Directions: Needed from the data below: every line from the one with "#202=ORIENTED_EDGE('',*,*,#201,.T.);" up to and including the one with "#207=CARTESIAN_POINT('',(28.,0.,0.));", repeated exactly and with nothing else.

"""

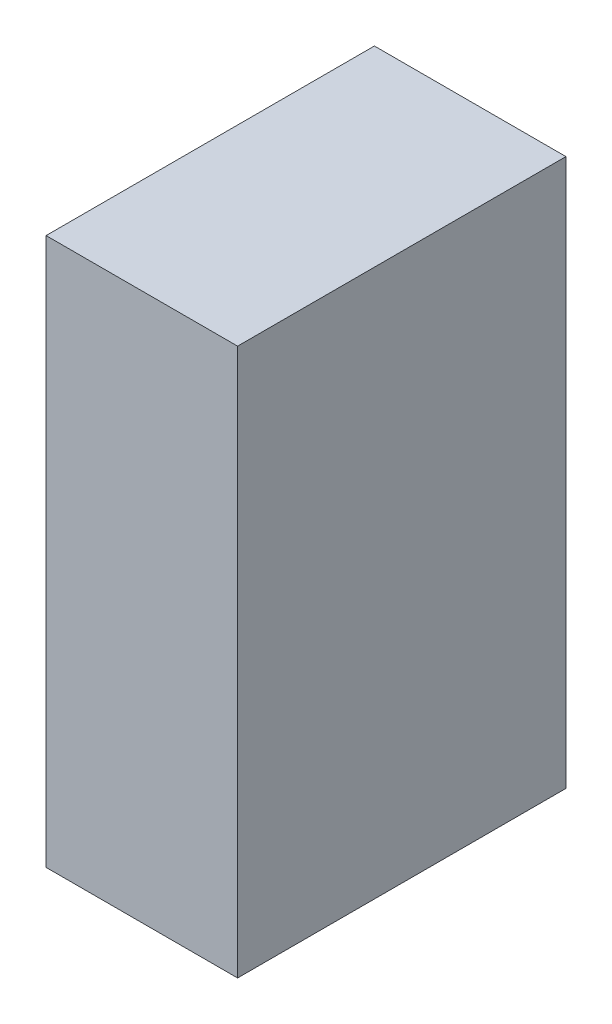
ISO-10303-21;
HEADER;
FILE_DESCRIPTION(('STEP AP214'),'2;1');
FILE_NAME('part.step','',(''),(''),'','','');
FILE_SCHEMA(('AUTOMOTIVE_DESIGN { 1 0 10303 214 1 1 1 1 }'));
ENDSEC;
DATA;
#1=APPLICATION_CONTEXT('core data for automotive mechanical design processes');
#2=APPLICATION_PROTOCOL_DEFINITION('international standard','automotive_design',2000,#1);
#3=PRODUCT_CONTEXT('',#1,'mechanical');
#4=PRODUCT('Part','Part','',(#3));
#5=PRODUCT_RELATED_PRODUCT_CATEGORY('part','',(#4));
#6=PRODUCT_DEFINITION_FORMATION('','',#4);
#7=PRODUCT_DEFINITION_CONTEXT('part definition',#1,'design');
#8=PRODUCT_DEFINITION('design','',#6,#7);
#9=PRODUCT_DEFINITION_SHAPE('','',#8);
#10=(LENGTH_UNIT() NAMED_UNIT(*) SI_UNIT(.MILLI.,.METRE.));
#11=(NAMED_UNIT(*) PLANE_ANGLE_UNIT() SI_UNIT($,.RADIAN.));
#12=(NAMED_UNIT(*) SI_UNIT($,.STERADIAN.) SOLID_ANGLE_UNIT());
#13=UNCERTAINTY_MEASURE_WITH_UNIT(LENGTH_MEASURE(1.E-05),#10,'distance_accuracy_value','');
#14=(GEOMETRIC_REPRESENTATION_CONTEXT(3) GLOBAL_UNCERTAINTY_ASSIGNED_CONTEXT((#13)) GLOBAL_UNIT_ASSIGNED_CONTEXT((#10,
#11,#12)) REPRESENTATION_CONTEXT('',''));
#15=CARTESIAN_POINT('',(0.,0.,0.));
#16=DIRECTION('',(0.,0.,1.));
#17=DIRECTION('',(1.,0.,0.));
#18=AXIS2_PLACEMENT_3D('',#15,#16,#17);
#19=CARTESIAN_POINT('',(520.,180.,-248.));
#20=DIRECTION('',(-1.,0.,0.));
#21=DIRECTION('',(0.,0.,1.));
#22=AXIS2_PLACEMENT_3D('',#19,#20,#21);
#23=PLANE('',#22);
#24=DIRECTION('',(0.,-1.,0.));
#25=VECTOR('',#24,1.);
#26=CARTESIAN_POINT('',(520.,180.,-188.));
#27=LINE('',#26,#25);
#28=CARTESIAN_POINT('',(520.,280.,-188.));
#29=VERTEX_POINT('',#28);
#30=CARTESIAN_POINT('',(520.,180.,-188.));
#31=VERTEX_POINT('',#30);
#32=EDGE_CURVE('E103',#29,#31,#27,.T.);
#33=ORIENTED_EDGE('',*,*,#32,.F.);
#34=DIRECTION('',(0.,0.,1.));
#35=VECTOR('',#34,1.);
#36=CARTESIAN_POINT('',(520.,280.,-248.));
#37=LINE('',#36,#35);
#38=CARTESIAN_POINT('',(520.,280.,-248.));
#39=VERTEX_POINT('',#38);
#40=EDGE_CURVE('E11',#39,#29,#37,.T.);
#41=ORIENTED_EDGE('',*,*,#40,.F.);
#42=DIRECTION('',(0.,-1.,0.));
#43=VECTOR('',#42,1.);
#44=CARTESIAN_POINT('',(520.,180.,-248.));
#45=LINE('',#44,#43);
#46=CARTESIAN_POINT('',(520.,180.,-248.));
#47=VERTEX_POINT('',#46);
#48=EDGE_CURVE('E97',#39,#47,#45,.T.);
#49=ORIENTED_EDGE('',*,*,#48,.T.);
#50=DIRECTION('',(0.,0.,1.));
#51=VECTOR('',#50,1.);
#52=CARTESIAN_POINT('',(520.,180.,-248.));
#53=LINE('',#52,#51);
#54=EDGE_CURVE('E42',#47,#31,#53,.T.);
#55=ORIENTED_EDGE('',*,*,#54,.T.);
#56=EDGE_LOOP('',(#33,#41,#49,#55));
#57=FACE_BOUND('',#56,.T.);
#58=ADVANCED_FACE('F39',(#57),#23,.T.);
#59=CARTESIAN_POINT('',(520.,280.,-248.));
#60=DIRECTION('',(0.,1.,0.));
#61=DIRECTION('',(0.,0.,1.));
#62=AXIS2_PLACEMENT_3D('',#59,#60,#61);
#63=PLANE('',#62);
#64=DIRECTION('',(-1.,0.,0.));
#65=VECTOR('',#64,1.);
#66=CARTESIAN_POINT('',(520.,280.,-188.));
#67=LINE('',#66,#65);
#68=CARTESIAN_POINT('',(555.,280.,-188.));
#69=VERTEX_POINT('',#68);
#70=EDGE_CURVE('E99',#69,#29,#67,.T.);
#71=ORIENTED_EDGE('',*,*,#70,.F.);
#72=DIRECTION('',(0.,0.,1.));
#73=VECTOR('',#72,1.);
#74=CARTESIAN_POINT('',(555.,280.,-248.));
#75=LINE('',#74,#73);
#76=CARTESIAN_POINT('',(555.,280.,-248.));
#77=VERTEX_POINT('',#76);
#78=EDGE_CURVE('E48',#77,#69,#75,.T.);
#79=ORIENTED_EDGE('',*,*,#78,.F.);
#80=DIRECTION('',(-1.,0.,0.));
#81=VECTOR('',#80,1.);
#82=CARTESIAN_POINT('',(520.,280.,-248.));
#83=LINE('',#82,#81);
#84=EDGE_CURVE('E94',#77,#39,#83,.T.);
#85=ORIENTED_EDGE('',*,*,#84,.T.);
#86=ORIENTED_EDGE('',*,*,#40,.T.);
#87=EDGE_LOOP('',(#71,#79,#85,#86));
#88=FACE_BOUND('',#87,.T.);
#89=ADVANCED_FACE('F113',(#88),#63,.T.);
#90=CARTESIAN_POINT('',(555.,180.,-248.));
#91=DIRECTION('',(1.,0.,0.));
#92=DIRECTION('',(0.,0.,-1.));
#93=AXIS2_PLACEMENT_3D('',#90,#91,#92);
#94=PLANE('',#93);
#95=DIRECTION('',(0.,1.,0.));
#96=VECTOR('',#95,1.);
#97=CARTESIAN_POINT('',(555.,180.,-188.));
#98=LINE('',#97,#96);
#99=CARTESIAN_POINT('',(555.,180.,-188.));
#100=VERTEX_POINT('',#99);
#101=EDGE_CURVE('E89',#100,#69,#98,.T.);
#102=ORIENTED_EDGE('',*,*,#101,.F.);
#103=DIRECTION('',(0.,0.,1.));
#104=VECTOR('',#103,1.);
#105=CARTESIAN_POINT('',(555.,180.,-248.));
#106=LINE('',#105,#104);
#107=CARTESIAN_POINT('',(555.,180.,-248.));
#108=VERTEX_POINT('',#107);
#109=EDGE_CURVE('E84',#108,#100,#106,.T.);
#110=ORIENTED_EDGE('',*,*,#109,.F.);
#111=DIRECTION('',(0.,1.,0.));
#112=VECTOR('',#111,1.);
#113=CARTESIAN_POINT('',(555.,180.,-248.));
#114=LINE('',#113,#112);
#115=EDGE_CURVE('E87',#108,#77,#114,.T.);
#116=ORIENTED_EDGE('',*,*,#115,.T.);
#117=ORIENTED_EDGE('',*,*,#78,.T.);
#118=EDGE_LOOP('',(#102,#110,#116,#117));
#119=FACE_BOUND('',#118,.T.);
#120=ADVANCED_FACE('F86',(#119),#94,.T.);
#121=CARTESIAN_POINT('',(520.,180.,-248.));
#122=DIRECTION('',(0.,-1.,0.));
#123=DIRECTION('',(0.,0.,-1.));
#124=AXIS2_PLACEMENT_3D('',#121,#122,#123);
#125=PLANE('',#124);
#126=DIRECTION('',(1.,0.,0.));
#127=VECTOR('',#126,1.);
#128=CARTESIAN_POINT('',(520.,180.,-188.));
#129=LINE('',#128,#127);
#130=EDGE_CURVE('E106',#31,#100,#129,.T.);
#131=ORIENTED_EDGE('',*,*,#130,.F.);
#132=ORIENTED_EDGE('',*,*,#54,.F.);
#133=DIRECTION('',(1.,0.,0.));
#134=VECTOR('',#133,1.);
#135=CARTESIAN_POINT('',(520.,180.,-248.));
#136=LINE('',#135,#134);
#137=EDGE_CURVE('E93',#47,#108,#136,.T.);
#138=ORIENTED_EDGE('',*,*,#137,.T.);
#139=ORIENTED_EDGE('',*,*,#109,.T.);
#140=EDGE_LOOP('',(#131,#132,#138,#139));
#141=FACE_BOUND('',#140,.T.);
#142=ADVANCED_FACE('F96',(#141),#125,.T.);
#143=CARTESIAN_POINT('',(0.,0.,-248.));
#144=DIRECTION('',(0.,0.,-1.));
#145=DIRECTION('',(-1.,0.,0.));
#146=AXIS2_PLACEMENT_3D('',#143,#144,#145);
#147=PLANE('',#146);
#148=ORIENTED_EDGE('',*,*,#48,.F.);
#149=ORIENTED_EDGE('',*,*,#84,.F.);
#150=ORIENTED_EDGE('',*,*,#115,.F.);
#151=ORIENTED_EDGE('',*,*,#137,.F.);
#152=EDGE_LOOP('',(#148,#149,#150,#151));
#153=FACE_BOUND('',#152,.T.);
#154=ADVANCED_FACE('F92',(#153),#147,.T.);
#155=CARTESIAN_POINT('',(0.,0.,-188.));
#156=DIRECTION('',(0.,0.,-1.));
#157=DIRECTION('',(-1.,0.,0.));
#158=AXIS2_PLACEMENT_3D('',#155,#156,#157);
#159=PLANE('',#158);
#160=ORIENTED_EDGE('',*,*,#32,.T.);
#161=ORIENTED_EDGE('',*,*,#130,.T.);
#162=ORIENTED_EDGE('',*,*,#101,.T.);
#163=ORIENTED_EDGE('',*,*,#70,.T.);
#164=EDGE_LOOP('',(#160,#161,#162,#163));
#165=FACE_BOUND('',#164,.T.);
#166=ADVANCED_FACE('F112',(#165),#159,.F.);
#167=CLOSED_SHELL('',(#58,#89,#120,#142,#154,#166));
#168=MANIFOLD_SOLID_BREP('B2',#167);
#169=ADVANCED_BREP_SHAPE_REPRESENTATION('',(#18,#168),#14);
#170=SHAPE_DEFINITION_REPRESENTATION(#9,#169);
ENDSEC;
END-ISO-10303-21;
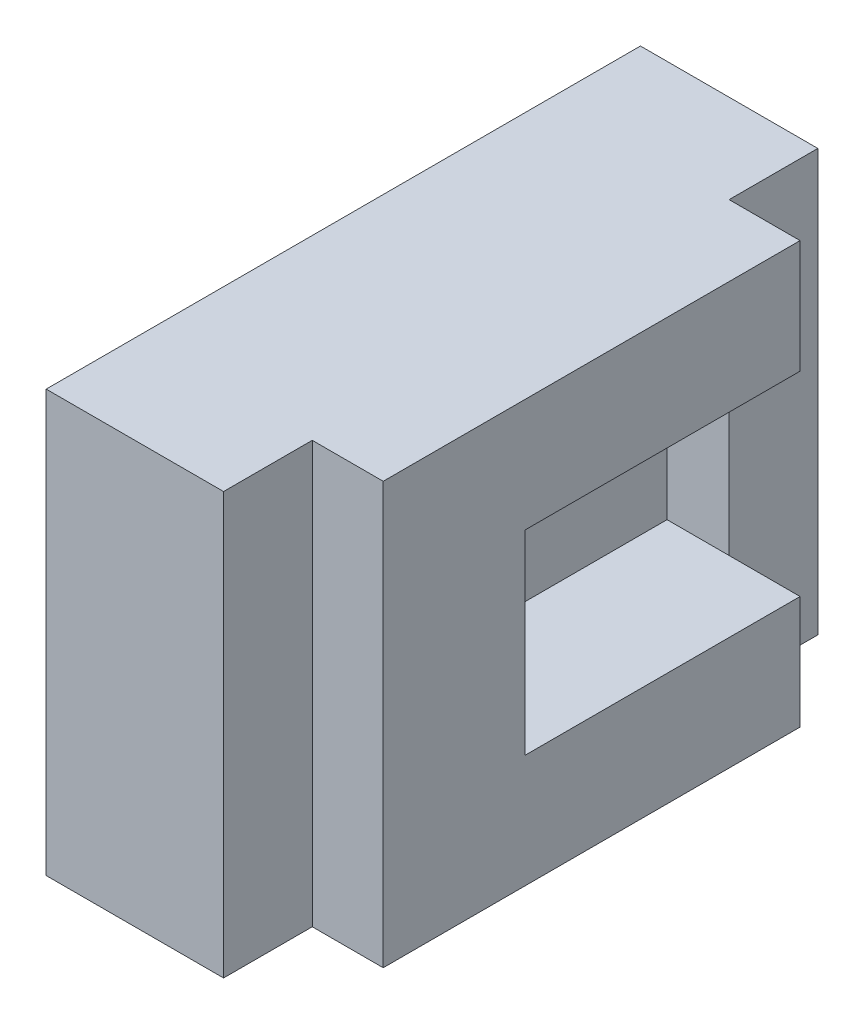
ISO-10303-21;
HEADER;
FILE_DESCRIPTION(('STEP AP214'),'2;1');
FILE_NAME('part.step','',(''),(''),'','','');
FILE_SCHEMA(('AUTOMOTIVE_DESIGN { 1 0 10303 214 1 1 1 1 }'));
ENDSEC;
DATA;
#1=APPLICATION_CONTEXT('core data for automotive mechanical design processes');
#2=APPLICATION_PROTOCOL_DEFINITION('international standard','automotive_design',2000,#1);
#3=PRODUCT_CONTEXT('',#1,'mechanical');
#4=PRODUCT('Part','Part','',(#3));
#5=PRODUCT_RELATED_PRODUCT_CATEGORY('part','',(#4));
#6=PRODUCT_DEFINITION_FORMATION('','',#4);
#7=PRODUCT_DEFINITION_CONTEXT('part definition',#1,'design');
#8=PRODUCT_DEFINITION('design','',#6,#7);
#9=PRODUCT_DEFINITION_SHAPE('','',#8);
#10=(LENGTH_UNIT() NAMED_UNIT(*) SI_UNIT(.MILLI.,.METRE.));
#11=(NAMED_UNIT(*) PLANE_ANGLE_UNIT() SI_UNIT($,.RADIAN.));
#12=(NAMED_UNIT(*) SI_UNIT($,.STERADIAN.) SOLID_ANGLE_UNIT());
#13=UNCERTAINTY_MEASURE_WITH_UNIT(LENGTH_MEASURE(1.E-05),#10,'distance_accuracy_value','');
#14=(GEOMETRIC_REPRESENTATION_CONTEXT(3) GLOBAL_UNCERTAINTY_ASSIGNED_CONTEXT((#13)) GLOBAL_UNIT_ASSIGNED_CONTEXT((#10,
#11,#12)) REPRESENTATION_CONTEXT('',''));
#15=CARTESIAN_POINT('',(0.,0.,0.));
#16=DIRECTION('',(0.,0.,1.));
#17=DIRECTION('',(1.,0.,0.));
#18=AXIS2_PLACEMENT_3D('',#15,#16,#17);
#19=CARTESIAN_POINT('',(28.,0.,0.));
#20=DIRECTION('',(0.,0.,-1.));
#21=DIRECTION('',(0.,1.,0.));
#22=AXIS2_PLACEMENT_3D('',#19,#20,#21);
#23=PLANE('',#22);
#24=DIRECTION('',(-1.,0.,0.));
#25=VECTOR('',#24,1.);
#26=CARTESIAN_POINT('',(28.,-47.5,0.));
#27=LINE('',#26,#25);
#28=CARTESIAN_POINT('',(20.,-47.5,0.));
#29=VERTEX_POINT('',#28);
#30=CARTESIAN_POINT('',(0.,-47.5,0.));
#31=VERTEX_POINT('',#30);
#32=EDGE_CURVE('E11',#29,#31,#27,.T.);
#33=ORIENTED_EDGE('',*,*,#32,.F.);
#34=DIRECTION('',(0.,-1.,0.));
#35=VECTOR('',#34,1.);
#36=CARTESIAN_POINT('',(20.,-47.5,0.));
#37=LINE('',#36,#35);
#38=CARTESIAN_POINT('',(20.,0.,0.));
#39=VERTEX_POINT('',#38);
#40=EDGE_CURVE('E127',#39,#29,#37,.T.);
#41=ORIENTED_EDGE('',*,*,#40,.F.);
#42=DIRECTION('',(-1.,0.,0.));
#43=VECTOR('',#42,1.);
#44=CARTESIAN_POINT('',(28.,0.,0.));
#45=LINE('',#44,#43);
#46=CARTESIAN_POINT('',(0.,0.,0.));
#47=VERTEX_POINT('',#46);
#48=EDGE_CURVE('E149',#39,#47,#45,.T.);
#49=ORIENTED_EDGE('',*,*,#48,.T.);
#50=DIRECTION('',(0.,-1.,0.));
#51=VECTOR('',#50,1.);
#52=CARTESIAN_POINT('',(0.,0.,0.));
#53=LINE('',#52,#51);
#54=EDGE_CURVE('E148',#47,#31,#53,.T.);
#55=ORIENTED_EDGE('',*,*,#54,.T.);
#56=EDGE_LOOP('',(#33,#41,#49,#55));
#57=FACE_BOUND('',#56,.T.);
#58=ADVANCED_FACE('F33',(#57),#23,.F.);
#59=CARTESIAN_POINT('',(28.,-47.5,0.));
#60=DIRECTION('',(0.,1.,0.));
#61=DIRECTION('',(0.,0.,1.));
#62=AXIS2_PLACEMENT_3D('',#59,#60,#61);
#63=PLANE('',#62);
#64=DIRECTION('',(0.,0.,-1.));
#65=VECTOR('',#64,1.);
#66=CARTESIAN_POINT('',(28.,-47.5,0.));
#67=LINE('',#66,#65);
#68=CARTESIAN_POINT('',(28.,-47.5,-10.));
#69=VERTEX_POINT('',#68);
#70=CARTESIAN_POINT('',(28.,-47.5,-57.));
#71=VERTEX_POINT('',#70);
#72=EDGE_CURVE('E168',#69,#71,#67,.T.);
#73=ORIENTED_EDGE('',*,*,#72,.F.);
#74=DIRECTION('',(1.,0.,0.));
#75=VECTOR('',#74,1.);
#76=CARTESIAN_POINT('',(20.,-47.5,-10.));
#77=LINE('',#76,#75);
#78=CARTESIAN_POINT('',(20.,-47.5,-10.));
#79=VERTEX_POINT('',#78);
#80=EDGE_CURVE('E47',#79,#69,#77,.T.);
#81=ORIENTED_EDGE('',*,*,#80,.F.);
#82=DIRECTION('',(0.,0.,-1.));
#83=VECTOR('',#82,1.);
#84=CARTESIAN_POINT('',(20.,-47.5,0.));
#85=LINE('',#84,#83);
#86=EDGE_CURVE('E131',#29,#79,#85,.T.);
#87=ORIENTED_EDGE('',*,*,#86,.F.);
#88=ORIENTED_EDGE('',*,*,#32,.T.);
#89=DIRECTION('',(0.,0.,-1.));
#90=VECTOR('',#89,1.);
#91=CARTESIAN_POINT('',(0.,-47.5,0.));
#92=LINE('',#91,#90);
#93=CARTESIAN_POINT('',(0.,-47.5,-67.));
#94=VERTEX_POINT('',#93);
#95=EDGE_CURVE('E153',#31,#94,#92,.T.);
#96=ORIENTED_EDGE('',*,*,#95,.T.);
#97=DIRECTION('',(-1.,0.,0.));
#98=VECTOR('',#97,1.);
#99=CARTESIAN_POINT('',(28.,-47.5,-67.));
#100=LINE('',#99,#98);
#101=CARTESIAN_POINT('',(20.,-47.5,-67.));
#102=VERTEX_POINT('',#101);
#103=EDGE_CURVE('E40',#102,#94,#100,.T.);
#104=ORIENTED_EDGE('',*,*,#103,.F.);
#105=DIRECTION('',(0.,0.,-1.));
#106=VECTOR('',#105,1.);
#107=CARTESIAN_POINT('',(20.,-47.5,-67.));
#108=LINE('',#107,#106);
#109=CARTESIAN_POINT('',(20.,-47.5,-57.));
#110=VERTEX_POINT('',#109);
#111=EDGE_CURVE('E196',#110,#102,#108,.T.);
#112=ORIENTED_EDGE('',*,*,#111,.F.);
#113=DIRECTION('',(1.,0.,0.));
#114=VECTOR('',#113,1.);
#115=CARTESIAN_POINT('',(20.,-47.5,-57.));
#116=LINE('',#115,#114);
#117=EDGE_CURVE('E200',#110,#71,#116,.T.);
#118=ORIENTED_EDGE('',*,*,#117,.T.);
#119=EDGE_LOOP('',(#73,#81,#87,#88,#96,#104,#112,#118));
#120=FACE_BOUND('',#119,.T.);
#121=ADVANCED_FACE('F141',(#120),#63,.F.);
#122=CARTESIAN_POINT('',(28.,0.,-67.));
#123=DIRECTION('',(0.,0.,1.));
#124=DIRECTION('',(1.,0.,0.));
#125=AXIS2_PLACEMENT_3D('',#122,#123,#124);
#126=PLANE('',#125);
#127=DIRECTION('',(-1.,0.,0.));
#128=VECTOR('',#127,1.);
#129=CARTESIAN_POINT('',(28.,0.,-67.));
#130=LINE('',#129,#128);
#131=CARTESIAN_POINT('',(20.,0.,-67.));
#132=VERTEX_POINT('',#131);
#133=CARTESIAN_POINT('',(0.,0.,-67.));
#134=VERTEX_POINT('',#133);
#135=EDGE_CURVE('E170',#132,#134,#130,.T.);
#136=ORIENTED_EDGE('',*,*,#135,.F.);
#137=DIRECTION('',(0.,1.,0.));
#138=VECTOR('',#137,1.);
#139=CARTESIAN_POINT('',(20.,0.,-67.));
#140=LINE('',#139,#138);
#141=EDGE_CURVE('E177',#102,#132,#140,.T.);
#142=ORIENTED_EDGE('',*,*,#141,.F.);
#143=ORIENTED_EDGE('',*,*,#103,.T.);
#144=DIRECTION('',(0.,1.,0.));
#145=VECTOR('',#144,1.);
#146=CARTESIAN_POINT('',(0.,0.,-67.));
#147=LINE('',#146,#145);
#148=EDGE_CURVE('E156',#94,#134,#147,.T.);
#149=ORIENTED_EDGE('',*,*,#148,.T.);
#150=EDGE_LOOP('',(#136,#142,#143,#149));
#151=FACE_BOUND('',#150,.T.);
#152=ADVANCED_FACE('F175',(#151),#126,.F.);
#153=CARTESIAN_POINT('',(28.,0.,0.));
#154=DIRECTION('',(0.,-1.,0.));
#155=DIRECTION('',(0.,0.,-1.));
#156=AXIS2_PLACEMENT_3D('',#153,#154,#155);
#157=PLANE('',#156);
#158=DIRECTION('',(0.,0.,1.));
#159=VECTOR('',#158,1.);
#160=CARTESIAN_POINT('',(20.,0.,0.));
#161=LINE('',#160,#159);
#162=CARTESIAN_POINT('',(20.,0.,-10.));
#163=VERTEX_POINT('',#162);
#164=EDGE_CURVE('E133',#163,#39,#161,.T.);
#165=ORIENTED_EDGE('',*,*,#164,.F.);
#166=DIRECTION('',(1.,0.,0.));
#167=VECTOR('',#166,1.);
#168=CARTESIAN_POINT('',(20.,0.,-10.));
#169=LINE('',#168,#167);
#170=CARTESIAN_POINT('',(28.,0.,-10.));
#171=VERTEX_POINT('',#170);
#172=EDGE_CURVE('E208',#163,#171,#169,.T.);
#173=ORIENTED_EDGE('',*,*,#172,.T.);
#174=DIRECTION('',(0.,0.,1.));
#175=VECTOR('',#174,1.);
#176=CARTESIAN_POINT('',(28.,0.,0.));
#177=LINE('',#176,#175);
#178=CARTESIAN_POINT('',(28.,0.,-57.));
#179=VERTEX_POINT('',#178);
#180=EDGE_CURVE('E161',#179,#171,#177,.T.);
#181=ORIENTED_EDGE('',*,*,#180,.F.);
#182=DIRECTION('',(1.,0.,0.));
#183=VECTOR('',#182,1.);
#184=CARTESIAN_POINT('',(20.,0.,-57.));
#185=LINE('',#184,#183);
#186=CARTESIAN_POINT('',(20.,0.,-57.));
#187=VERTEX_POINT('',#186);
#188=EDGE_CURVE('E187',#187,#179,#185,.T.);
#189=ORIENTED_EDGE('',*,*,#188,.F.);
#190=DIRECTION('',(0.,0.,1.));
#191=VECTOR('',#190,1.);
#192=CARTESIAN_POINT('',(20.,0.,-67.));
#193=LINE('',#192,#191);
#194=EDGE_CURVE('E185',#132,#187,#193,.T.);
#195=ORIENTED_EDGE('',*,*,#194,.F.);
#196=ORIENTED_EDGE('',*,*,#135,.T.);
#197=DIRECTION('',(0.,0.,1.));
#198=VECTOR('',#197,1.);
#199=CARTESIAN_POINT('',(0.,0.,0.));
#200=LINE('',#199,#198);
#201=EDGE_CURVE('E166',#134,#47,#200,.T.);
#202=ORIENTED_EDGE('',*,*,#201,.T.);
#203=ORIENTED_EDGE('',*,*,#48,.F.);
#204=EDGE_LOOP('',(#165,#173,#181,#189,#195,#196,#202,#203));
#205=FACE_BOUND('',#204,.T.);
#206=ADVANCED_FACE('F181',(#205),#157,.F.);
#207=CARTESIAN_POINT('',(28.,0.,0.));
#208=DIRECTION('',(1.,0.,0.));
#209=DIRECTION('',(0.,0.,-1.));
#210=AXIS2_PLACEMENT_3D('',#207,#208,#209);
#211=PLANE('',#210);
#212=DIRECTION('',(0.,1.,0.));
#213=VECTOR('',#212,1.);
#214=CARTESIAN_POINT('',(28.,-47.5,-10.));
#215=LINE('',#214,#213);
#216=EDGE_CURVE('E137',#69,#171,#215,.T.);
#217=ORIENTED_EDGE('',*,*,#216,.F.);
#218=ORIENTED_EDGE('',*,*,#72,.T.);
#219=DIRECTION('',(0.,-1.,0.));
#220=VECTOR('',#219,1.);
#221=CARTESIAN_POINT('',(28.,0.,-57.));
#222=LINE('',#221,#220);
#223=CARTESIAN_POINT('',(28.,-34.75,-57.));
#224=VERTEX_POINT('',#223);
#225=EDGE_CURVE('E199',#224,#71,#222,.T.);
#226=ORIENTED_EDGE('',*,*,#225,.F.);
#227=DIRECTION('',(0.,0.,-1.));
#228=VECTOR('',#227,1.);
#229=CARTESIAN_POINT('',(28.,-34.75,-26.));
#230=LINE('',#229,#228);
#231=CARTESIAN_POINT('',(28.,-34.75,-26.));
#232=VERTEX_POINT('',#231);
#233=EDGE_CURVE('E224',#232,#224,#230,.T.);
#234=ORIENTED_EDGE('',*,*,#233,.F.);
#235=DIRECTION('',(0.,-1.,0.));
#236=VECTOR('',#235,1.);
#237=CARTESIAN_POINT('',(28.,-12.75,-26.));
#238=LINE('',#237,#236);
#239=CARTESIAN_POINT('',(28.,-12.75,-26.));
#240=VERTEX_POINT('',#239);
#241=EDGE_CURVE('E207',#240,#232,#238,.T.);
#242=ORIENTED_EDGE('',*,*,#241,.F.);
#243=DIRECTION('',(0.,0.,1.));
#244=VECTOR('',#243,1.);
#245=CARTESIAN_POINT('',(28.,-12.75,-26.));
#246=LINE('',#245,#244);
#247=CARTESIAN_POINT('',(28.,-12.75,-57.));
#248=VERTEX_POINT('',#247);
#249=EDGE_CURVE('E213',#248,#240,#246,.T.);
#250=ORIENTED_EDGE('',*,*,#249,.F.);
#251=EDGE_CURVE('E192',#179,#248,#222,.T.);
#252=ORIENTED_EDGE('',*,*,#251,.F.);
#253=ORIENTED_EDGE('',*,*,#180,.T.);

"""

Exercise response:
#202=ORIENTED_EDGE('',*,*,#201,.T.);
#203=ORIENTED_EDGE('',*,*,#48,.F.);
#204=EDGE_LOOP('',(#165,#173,#181,#189,#195,#196,#202,#203));
#205=FACE_BOUND('',#204,.T.);
#206=ADVANCED_FACE('F181',(#205),#157,.F.);
#207=CARTESIAN_POINT('',(28.,0.,0.));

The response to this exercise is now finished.